Mahkemece, işin görüldüğü yerin Ç.olduğu davaya bakmaya Çorlu İş Mahkemesinin yetkili olduğu gerekçesiyle dava dilekçesinin yetkisizlik nedeniyle reddine karar kesinleştikten sonra talep halinde dosyanın yetkili Çorlu İş Mahkemesine gönderilmesine karar verilmiştir.
Davacının yasal dayanağı 506 sayılı Yasa’nın 79. maddesidir. Hal böyle olunca uyuşmazlığın 506 sayılı Yasa’dan kaynaklandığı ve yetki sorununun 5521 sayılı İş Mahkemeleri Kanunu’nun 5. maddesi ile yollamada bulunduğu HUMK’nun 17. maddesi gereğince çözümlenmesi gerektiği açıktır.

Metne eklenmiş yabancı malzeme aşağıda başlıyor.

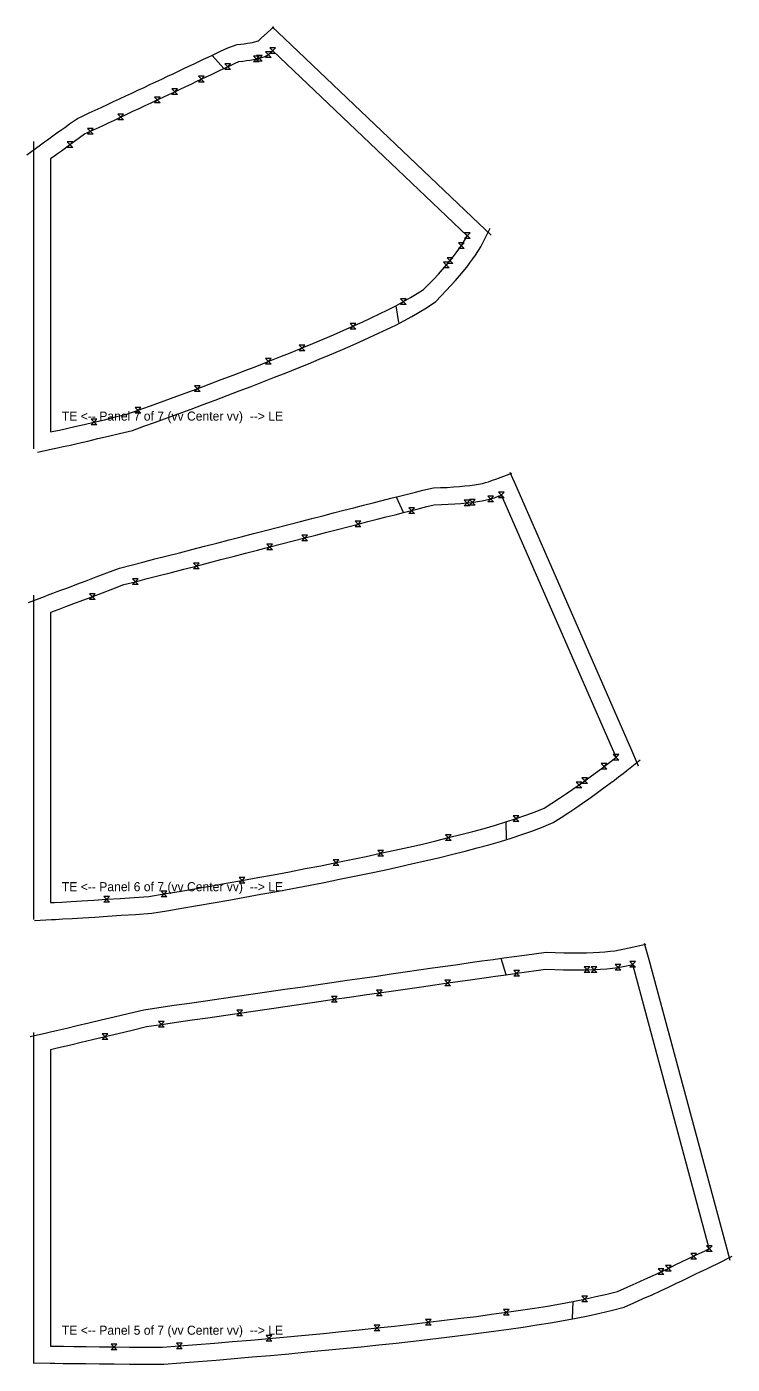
# Model space of a CAD drawing. Header units: metres. Extents: x -21 to 715, y -27 to 2660.
# Drawn here: x -21 to 601, y 1482 to 2660 of the extents above; entities that cross this region are included whole.
import ezdxf

# ---------------------------------------------------------------- set-up
doc = ezdxf.new("R2010")
doc.units = ezdxf.units.M

msp = doc.modelspace()

# ---------------------------------------------------------------- linework, layer by layer
for p, q in [((185.8, 2649.9), (196.9, 2660.1)), ((206.3, 2649.7), (195.4, 2660.1)), ((149.9, 2638.5), (153.2, 2640.1)), ((153.2, 2640.1), (156.4, 2641.6)), ((156.4, 2641.6), (164.6, 2644.5)), ((164.6, 2644.5), (167.8, 2644.8)), ((167.8, 2644.8), (170.7, 2645.1)), ((170.7, 2645.1), (173.5, 2645.5)), ((173.5, 2645.5), (175.9, 2645.9)), ((175.9, 2645.9), (178, 2646.3)), ((178, 2646.3), (179.7, 2646.7)), ((179.7, 2646.7), (181.3, 2647.1)), ((181.3, 2647.1), (182.1, 2647.3)), ((182.1, 2647.3), (182.9, 2647.6)), ((182.9, 2647.6), (183.1, 2647.6)), ((183.1, 2647.6), (183.2, 2647.6)), ((183.2, 2647.6), (184.6, 2648.9)), ((184.6, 2648.9), (185.8, 2649.9)), ((193.4, 2636.4), (198.4, 2641.4)), ((198.4, 2641.4), (193.4, 2641.4)), ((193.4, 2641.4), (198.4, 2636.4)), ((377.6, 2486.8), (206.3, 2649.7)), ((126.5, 2627.4), (130.8, 2629.5)), ((130.8, 2629.5), (134.9, 2631.4)), ((134.9, 2631.4), (138.9, 2633.3)), ((138.9, 2633.3), (142.7, 2635.1)), ((142.7, 2635.1), (146.4, 2636.8)), ((152.8, 2623.3), (142.9, 2634.5)), ((146.4, 2636.8), (149.9, 2638.5)), ((159.7, 2626.5), (162.9, 2628.1)), ((162.9, 2628.1), (166, 2629.5)), ((166, 2629.5), (169.5, 2629.9)), ((169.5, 2629.9), (172.8, 2630.3)), ((172.8, 2630.3), (175.9, 2630.7)), ((175.9, 2630.7), (178.8, 2631.1)), ((178.8, 2631.1), (181.5, 2631.7)), ((179, 2629.2), (184, 2634.2)), ((184, 2634.2), (179, 2634.2)), ((179, 2634.2), (184, 2629.2)), ((184, 2629.2), (179, 2629.2)), ((181.5, 2629.8), (186.5, 2634.8)), ((186.5, 2634.8), (181.5, 2634.8)), ((181.5, 2634.8), (186.5, 2629.8)), ((181.5, 2631.7), (184, 2632.3)), ((186.5, 2629.8), (181.5, 2629.8)), ((184, 2632.3), (186.3, 2632.9)), ((186.3, 2632.9), (188.3, 2633.7)), ((188.3, 2633.7), (190.2, 2634.5)), ((189.4, 2633), (194.4, 2638)), ((194.4, 2638), (189.4, 2638)), ((189.4, 2638), (194.4, 2633)), ((194.4, 2633), (189.4, 2633)), ((190.2, 2634.5), (191.9, 2635.5)), ((191.9, 2635.5), (193.4, 2636.6)), ((193.4, 2636.6), (194.7, 2637.8)), ((198.4, 2636.4), (193.4, 2636.4)), ((194.7, 2637.8), (195.9, 2638.9)), ((367.3, 2475.9), (195.9, 2638.9)), ((98, 2614), (103.1, 2616.4)), ((103.1, 2616.4), (108, 2618.7)), ((108, 2618.7), (112.8, 2621)), ((112.8, 2621), (117.5, 2623.2)), ((117.5, 2623.2), (122, 2625.4)), ((122, 2625.4), (126.5, 2627.4)), ((130.4, 2611.4), (135.4, 2616.4)), ((135.4, 2616.4), (130.4, 2616.4)), ((130.4, 2616.4), (135.4, 2611.4)), ((132.9, 2613.9), (137.1, 2615.9)), ((137.1, 2615.9), (141.3, 2617.8)), ((141.3, 2617.8), (145.3, 2619.7)), ((145.3, 2619.7), (149.1, 2621.5)), ((149.1, 2621.5), (152.8, 2623.3)), ((152.8, 2623.3), (156.3, 2624.9)), ((153.8, 2622.4), (158.8, 2627.4)), ((158.8, 2627.4), (153.8, 2627.4)), ((153.8, 2627.4), (158.8, 2622.4)), ((158.8, 2622.4), (153.8, 2622.4)), ((156.3, 2624.9), (159.7, 2626.5)), ((71.8, 2601.7), (77.1, 2604.2)), ((77.1, 2604.2), (82.5, 2606.7)), ((82.5, 2606.7), (87.7, 2609.2)), ((87.7, 2609.2), (92.9, 2611.6)), ((92.9, 2611.6), (98, 2614)), ((107, 2600.3), (112, 2605.3)), ((112, 2605.3), (107, 2605.3)), ((107, 2605.3), (112, 2600.3)), ((109.5, 2602.8), (114.4, 2605.2)), ((114.4, 2605.2), (119.2, 2607.4)), ((119.2, 2607.4), (123.9, 2609.6)), ((123.9, 2609.6), (128.4, 2611.8)), ((128.4, 2611.8), (132.9, 2613.9)), ((135.4, 2611.4), (130.4, 2611.4)), ((50.1, 2591.5), (55.5, 2594.1)), ((55.5, 2594.1), (60.9, 2596.6)), ((60.9, 2596.6), (66.4, 2599.1)), ((66.4, 2599.1), (71.8, 2601.7)), ((83.5, 2590.6), (88.8, 2593.1)), ((88.8, 2593.1), (94.1, 2595.6)), ((91.6, 2593.1), (96.6, 2598.1)), ((96.6, 2598.1), (91.6, 2598.1)), ((91.6, 2598.1), (96.6, 2593.1)), ((96.6, 2593.1), (91.6, 2593.1)), ((94.1, 2595.6), (99.3, 2598.1)), ((99.3, 2598.1), (104.4, 2600.5)), ((104.4, 2600.5), (109.5, 2602.8)), ((112, 2600.3), (107, 2600.3)), ((23.8, 2579.3), (28.9, 2581.6)), ((28.9, 2581.6), (34, 2584.1)), ((34, 2584.1), (39.3, 2586.5)), ((39.3, 2586.5), (44.7, 2589)), ((44.7, 2589), (50.1, 2591.5)), ((56.4, 2577.9), (61.8, 2580.5)), ((59.3, 2578), (64.3, 2583)), ((64.3, 2583), (59.3, 2583)), ((59.3, 2583), (64.3, 2578)), ((61.8, 2580.5), (67.3, 2583)), ((67.3, 2583), (72.7, 2585.6)), ((72.7, 2585.6), (78.1, 2588.1)), ((78.1, 2588.1), (83.5, 2590.6)), ((8.3, 2568.4), (12.5, 2571.4)), ((12.5, 2571.4), (16.8, 2574.6)), ((16.8, 2574.6), (23.8, 2579.3)), ((32.7, 2565.5), (37.7, 2570.5)), ((37.7, 2570.5), (32.7, 2570.5)), ((32.7, 2570.5), (37.7, 2565.5)), ((35.2, 2568), (40.4, 2570.5)), ((40.4, 2570.5), (45.7, 2572.9)), ((45.7, 2572.9), (51, 2575.4)), ((51, 2575.4), (56.4, 2577.9)), ((64.3, 2578), (59.3, 2578)), ((-15, 2558.9), (-15, 2543.9)), ((-8.8, 2556), (-7.6, 2556.9)), ((-7.6, 2556.9), (-5.3, 2558.6)), ((-5.3, 2558.6), (-2.5, 2560.6)), ((-2.5, 2560.6), (0.8, 2563)), ((0.8, 2563), (4.4, 2565.6)), ((4.4, 2565.6), (8.3, 2568.4)), ((14.6, 2553.8), (19.6, 2558.8)), ((19.6, 2558.8), (14.6, 2558.8)), ((14.6, 2558.8), (19.6, 2553.8)), ((17.1, 2556.3), (21.3, 2559.3)), ((21.3, 2559.3), (25.6, 2562.4)), ((25.6, 2562.4), (30.1, 2565.7)), ((30.1, 2565.7), (35.2, 2568)), ((37.7, 2565.5), (32.7, 2565.5)), ((-20.9, 2547.3), (-8.8, 2556)), ((1.3, 2544.8), (3.5, 2546.4)), ((3.5, 2546.4), (6.3, 2548.5)), ((6.3, 2548.5), (9.6, 2550.8)), ((9.6, 2550.8), (13.2, 2553.5)), ((13.2, 2553.5), (17.1, 2556.3)), ((19.6, 2553.8), (14.6, 2553.8)), ((-15, 2543.9), (-15, 2303.1)), ((0, 2543.9), (1.3, 2544.8)), ((0, 2543.9), (0, 2303.1)), ((388.5, 2476.4), (377.6, 2486.8)), ((364.8, 2473.4), (369.8, 2478.4)), ((369.8, 2478.4), (364.8, 2478.4)), ((364.8, 2478.4), (369.8, 2473.4)), ((365.9, 2473.1), (367.3, 2475.9)), ((380.7, 2469.1), (387.4, 2482.5)), ((357.5, 2460.8), (359.9, 2464.1)), ((359.5, 2464.6), (364.5, 2469.6)), ((364.5, 2469.6), (359.5, 2469.6)), ((359.5, 2469.6), (364.5, 2464.6)), ((364.5, 2464.6), (359.5, 2464.6)), ((359.9, 2464.1), (362, 2467.1)), ((362, 2467.1), (364, 2470.2)), ((364, 2470.2), (365.9, 2473.1)), ((369.8, 2473.4), (364.8, 2473.4)), ((376.7, 2462.1), (379.3, 2466.3)), ((379.3, 2466.3), (380.7, 2469.1)), ((346.5, 2447.7), (351.5, 2452.7)), ((351.5, 2452.7), (346.5, 2452.7)), ((346.5, 2452.7), (351.5, 2447.7)), ((349, 2450.2), (352.1, 2453.9)), ((349.6, 2451.4), (354.6, 2456.4)), ((354.6, 2456.4), (349.6, 2456.4)), ((349.6, 2456.4), (354.6, 2451.4)), ((354.6, 2451.4), (349.6, 2451.4)), ((352.1, 2453.9), (355, 2457.5)), ((355, 2457.5), (357.5, 2460.8)), ((366.9, 2448.4), (369.7, 2452)), ((369.7, 2452), (372.2, 2455.6)), ((372.2, 2455.6), (374.5, 2458.8)), ((374.5, 2458.8), (376.7, 2462.1)), ((337.8, 2437.8), (341.9, 2442.1)), ((341.9, 2442.1), (345.6, 2446.2)), ((345.6, 2446.2), (349, 2450.2)), ((351.5, 2447.7), (346.5, 2447.7)), ((356.9, 2436.4), (360.5, 2440.6)), ((360.5, 2440.6), (363.8, 2444.6)), ((363.8, 2444.6), (366.9, 2448.4)), ((323.2, 2425.1), (328.9, 2428.7)), ((328.9, 2428.7), (333.5, 2433.3)), ((333.5, 2433.3), (337.8, 2437.8)), ((344.3, 2422.9), (348.8, 2427.6)), ((348.8, 2427.6), (353, 2432.1)), ((353, 2432.1), (356.9, 2436.4)), ((304.4, 2414.3), (311, 2417.9)), ((308.5, 2415.4), (313.5, 2420.4)), ((313.5, 2420.4), (308.5, 2420.4)), ((308.5, 2420.4), (313.5, 2415.4)), ((311, 2417.9), (317.3, 2421.5)), ((317.3, 2421.5), (323.2, 2425.1)), ((331.3, 2412.5), (339.5, 2418.1)), ((339.5, 2418.1), (344.3, 2422.9)), ((282.6, 2403.5), (290.1, 2407.1)), ((290.1, 2407.1), (297.4, 2410.7)), ((297.4, 2410.7), (304.4, 2414.3)), ((304.4, 2414.3), (306.7, 2399.4)), ((313.5, 2415.4), (308.5, 2415.4)), ((311.5, 2401.1), (318.4, 2404.9)), ((318.4, 2404.9), (325, 2408.7)), ((325, 2408.7), (331.3, 2412.5)), ((249.4, 2388.7), (258.1, 2392.5)), ((258.1, 2392.5), (266.6, 2396.2)), ((264.1, 2393.7), (269.1, 2398.7)), ((269.1, 2398.7), (264.1, 2398.7)), ((264.1, 2398.7), (269.1, 2393.7)), ((269.1, 2393.7), (264.1, 2393.7)), ((266.6, 2396.2), (274.7, 2399.9)), ((274.7, 2399.9), (282.6, 2403.5)), ((289, 2390), (296.7, 2393.6)), ((296.7, 2393.6), (304.3, 2397.3)), ((304.3, 2397.3), (311.5, 2401.1)), ((221.7, 2377.1), (231.1, 2381)), ((231.1, 2381), (240.4, 2384.9)), ((240.4, 2384.9), (249.4, 2388.7)), ((264.2, 2378.8), (272.7, 2382.5)), ((272.7, 2382.5), (281, 2386.3)), ((281, 2386.3), (289, 2390)), ((192, 2365.2), (202.1, 2369.2)), ((202.1, 2369.2), (212, 2373.1)), ((212, 2373.1), (221.7, 2377.1)), ((219.2, 2374.6), (224.2, 2379.6)), ((224.2, 2379.6), (219.2, 2379.6)), ((219.2, 2379.6), (224.2, 2374.6)), ((224.2, 2374.6), (219.2, 2374.6)), ((236.9, 2367.2), (246.3, 2371.1)), ((246.3, 2371.1), (255.3, 2374.9)), ((255.3, 2374.9), (264.2, 2378.8)), ((161, 2353.2), (171.5, 2357.2)), ((171.5, 2357.2), (181.8, 2361.2)), ((181.8, 2361.2), (192, 2365.2)), ((189.5, 2362.7), (194.5, 2367.7)), ((194.5, 2367.7), (189.5, 2367.7)), ((189.5, 2367.7), (194.5, 2362.7)), ((194.5, 2362.7), (189.5, 2362.7)), ((207.7, 2355.3), (217.6, 2359.3)), ((217.6, 2359.3), (227.4, 2363.2)), ((227.4, 2363.2), (236.9, 2367.2)), ((129.3, 2341.2), (139.9, 2345.2)), ((139.9, 2345.2), (150.5, 2349.2)), ((150.5, 2349.2), (161, 2353.2)), ((176.9, 2343.2), (187.3, 2347.2)), ((187.3, 2347.2), (197.5, 2351.3)), ((197.5, 2351.3), (207.7, 2355.3)), ((97.7, 2329.6), (108.2, 2333.4)), ((108.2, 2333.4), (118.7, 2337.3)), ((118.7, 2337.3), (129.3, 2341.2)), ((126.8, 2338.7), (131.8, 2343.7)), ((131.8, 2343.7), (126.8, 2343.7)), ((126.8, 2343.7), (131.8, 2338.7)), ((131.8, 2338.7), (126.8, 2338.7)), ((145.2, 2331.2), (155.8, 2335.2)), ((155.8, 2335.2), (166.4, 2339.2)), ((166.4, 2339.2), (176.9, 2343.2)), ((67.3, 2318.7), (77.2, 2322.2)), ((74.7, 2319.7), (79.7, 2324.7)), ((79.7, 2324.7), (74.7, 2324.7)), ((74.7, 2324.7), (79.7, 2319.7)), ((77.2, 2322.2), (87.4, 2325.9)), ((87.4, 2325.9), (97.7, 2329.6)), ((113.4, 2319.4), (123.9, 2323.2)), ((123.9, 2323.2), (134.6, 2327.2)), ((134.6, 2327.2), (145.2, 2331.2)), ((21.5, 2307.9), (29.6, 2309.7)), ((29.6, 2309.7), (38.3, 2311.8)), ((35.8, 2309.3), (40.8, 2314.3)), ((40.8, 2314.3), (35.8, 2314.3)), ((35.8, 2314.3), (40.8, 2309.3)), ((38.3, 2311.8), (47.6, 2313.9)), ((47.6, 2313.9), (57.2, 2316.3)), ((57.2, 2316.3), (67.3, 2318.7)), ((79.7, 2319.7), (74.7, 2319.7)), ((82.3, 2308.1), (92.5, 2311.8)), ((92.5, 2311.8), (102.9, 2315.5)), ((102.9, 2315.5), (113.4, 2319.4)), ((-15, 2303.1), (-15, 2288.1)), ((0, 2303.1), (2.8, 2303.7)), ((2.8, 2303.7), (7.8, 2304.8)), ((7.8, 2304.8), (14.1, 2306.2)), ((14.1, 2306.2), (21.5, 2307.9)), ((40.8, 2309.3), (35.8, 2309.3)), ((41.7, 2297.2), (51, 2299.4)), ((51, 2299.4), (60.8, 2301.7)), ((60.8, 2301.7), (72.3, 2304.5)), ((72.3, 2304.5), (82.3, 2308.1)), ((-11.4, 2285.2), (3.2, 2288.4)), ((3.2, 2288.4), (6.1, 2289)), ((6.1, 2289), (11.1, 2290.2)), ((11.1, 2290.2), (17.5, 2291.6)), ((17.5, 2291.6), (24.8, 2293.3)), ((24.8, 2293.3), (33, 2295.1)), ((33, 2295.1), (41.7, 2297.2)), ((392.4, 2261.6), (406.5, 2266.8)), ((411.3, 2253.5), (405.3, 2267.3)), ((321.6, 2250.2), (328.2, 2251.8)), ((328.2, 2251.8), (337.6, 2253.8)), ((337.6, 2253.8), (343.8, 2254.1)), ((343.8, 2254.1), (349.7, 2254.3)), ((349.7, 2254.3), (355.3, 2254.7)), ((355.3, 2254.7), (360.5, 2255)), ((360.5, 2255), (365.3, 2255.5)), ((365.3, 2255.5), (369.7, 2256)), ((369.7, 2256), (373.8, 2256.5)), ((373.8, 2256.5), (377.3, 2257.1)), ((377.3, 2257.1), (380.7, 2257.8)), ((380.7, 2257.8), (383.4, 2258.5)), ((383.4, 2258.5), (386, 2259.2)), ((386, 2259.2), (389.5, 2260.6)), ((389.5, 2260.6), (392.4, 2261.6)), ((512.3, 2022.5), (411.3, 2253.5)), ((276, 2238.6), (284.3, 2240.7)), ((284.3, 2240.7), (292.4, 2242.8)), ((292.4, 2242.8), (300.1, 2244.8)), ((300.1, 2244.8), (307.5, 2246.6)), ((311.2, 2232.1), (305.1, 2245.8)), ((307.5, 2246.6), (314.7, 2248.4)), ((314.7, 2248.4), (321.6, 2250.2)), ((331.8, 2237.3), (338.1, 2238.9)), ((338.1, 2238.9), (344.5, 2239.1)), ((344.5, 2239.1), (350.6, 2239.4)), ((350.6, 2239.4), (356.4, 2239.7)), ((356.4, 2239.7), (361.8, 2240.1)), ((361.8, 2240.1), (367, 2240.6)), ((364.5, 2238.1), (369.5, 2243.1)), ((369.5, 2243.1), (364.5, 2243.1)), ((364.5, 2243.1), (369.5, 2238.1)), ((367, 2240.6), (371.8, 2241.1)), ((369.3, 2238.6), (374.3, 2243.6)), ((374.3, 2243.6), (369.3, 2243.6)), ((369.3, 2243.6), (374.3, 2238.6)), ((371.8, 2241.1), (376.3, 2241.7)), ((376.3, 2241.7), (380.4, 2242.4)), ((380.4, 2242.4), (384.3, 2243.2)), ((384.3, 2243.2), (387.9, 2244.1)), ((385.4, 2241.6), (390.4, 2246.6)), ((390.4, 2246.6), (385.4, 2246.6)), ((385.4, 2246.6), (390.4, 2241.6)), ((390.4, 2241.6), (385.4, 2241.6)), ((387.9, 2244.1), (391.4, 2245.2)), ((391.4, 2245.2), (394.6, 2246.5)), ((394.6, 2246.5), (397.5, 2247.5)), ((395, 2245), (400, 2250)), ((400, 2250), (395, 2250)), ((395, 2250), (400, 2245)), ((400, 2245), (395, 2245)), ((498.5, 2016.5), (397.5, 2247.5)), ((230.2, 2226.8), (239.9, 2229.3)), ((239.9, 2229.3), (249.3, 2231.8)), ((249.3, 2231.8), (258.5, 2234.1)), ((258.5, 2234.1), (267.4, 2236.4)), ((267.4, 2236.4), (276, 2238.6)), ((288, 2226.2), (296, 2228.3)), ((296, 2228.3), (303.8, 2230.2)), ((303.8, 2230.2), (311.2, 2232.1)), ((311.2, 2232.1), (318.3, 2233.9)), ((315.8, 2231.4), (320.8, 2236.4)), ((320.8, 2236.4), (315.8, 2236.4)), ((315.8, 2236.4), (320.8, 2231.4)), ((320.8, 2231.4), (315.8, 2231.4)), ((318.3, 2233.9), (325.2, 2235.6)), ((325.2, 2235.6), (331.8, 2237.3)), ((369.5, 2238.1), (364.5, 2238.1)), ((374.3, 2238.6), (369.3, 2238.6)), ((178.9, 2213.6), (189.5, 2216.3)), ((189.5, 2216.3), (199.9, 2219)), ((199.9, 2219), (210.2, 2221.7)), ((210.2, 2221.7), (220.3, 2224.3)), ((220.3, 2224.3), (230.2, 2226.8)), ((243.6, 2214.8), (253, 2217.2)), ((253, 2217.2), (262.2, 2219.6)), ((262.2, 2219.6), (271.1, 2221.9)), ((268.6, 2219.4), (273.6, 2224.4)), ((273.6, 2224.4), (268.6, 2224.4)), ((268.6, 2224.4), (273.6, 2219.4)), ((273.6, 2219.4), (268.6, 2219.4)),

5521 sayılı İş Mahkemeleri Kanunu"nun 5. maddesinde "İş Mahkemelerinde açılacak her dava, açıldığı tarihte dava olunanın Türk Medeni Kanunu gereğince ikâmetgahı sayılan yer mahkemesinde bakılabileceği gibi işçinin işini yaptığı işyeri için yetkili mahkemede de bakılabilir. Bunlara aykırı sözleşmeler muteber sayılmaz" hükmü öngörülmüştür.Görülüyor ki madde de önce davalının yerleşim yeri mahkemesinde açılacağına ilişkin HUMK."nun 9. maddesindeki genel kural tekrarlanmış, bununla yetinilmeyerek davanın işçinin işini yaptığı işyerinin bulunduğu yer İş Mahkemesinin de yetkili olduğu hükme bağlanmıştır. İşçiyi korumak ve kolaylık sağlamak amacıyla düzenlenen bu özel yetki kuralı uyarınca sigortalı işçi (veya işveren) seçimlik hakka sahip bulunmakta, davayı dilerse davalının yerleşim yerinde, dilerse işini yaptığı işyerinin bulunduğu yer mahkemesinde açabilmektedir.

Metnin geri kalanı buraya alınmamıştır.